I love translating said:


> Just a note, Firefox also allows you to right-click the mouse to select the text you want to copy, but you have to press Ctrl+V to paste it
> 
> I hope your life here is a little bit easier now



Why can't you right-click to paste? I can (FF/MAC).

Also, in your first reply you copied & pasted the edit/quote buttons as well as the progress.gif, which will spin eternally if you don't edit it out .


----------



## KateNicole

Are you using Firefox?  I can't right click to cut, copy and paste in Firefox, but I can in IE.


----------



## lsp

KateNicole said:


> Are you using Firefox?  I can't right click to cut, copy and paste in Firefox, but I can in IE.



Yeah, FF/MAC, as I indicated. Version 1.07.


----------



## KateNicole

. . . I was directing that to the original poster (not you), since he is the one that is having the problem.

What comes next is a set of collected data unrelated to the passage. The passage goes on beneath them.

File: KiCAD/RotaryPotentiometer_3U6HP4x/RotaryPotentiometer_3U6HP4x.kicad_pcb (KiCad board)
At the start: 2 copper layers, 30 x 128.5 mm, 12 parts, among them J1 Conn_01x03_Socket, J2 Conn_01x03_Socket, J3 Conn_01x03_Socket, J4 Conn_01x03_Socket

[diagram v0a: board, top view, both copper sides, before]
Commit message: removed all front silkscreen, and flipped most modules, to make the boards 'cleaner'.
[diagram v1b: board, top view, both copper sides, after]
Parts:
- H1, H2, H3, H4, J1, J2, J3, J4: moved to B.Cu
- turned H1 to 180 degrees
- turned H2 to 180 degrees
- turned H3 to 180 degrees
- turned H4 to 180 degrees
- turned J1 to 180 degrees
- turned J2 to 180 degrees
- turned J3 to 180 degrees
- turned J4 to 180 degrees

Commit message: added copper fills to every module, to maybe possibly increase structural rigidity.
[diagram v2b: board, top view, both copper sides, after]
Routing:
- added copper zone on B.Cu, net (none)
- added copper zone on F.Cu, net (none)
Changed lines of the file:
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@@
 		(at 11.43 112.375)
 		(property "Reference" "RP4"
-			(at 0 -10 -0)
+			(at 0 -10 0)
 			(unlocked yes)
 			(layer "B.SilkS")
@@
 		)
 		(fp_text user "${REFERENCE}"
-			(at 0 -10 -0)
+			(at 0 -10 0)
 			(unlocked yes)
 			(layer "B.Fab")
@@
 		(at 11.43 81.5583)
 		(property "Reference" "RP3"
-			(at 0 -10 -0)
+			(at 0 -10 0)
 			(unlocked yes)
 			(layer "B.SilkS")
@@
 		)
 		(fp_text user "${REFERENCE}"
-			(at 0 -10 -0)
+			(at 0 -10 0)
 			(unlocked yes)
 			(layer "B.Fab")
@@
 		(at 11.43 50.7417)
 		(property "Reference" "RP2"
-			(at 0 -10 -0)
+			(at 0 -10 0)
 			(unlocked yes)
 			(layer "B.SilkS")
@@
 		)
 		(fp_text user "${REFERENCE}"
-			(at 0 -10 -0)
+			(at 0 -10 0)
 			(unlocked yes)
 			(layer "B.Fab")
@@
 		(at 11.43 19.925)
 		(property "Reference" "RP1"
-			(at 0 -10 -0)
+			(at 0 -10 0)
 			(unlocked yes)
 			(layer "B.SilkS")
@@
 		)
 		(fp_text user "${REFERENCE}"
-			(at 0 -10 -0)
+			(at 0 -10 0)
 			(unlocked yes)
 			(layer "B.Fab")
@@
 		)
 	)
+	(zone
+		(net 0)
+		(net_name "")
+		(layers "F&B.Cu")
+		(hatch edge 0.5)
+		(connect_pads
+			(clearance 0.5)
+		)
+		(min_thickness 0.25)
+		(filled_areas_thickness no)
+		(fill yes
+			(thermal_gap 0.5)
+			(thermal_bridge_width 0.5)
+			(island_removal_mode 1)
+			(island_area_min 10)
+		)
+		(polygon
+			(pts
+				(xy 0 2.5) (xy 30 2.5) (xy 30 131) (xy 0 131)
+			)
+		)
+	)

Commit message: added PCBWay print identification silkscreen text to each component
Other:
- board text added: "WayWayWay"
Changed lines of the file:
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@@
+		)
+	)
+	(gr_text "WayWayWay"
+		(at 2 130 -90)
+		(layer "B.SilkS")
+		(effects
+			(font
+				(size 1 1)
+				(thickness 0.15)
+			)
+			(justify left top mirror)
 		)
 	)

I just don't use Firefox for WordReference anymore.  It might work for some people, but for me, it just isn't worth the hassle.


----------



## danielfranco

http://forum.wordreference.com/member.php?u=19234


> KateNicole
> 
> 
> 
> 
> 
> vbmenu_register("postmenu_1356311", true);
> Senior Member
> Join Date: Jul 2005
> Location: Miami, Florida
> Native of: English (USA)
> Posts: 1,815
> 
> 
> *Re: Why can't we copy and paste things?!*
> . . . I was directing that to the original poster (not you), since he is the one that is having the problem.
> 
> I just don't use Firefox for WordReference anymore.  It might work for some people, but for me, it just isn't worth the hassle.
> __________________
> Corrections are encouraged; please don't be shy with me.



Just checking if I could do it with FireFox... right-click, then ctrl-V...
Ah, well, it's okay then.


----------



## la reine victoria

My trusty mouse does all the work for me.  No problems.




LRV


----------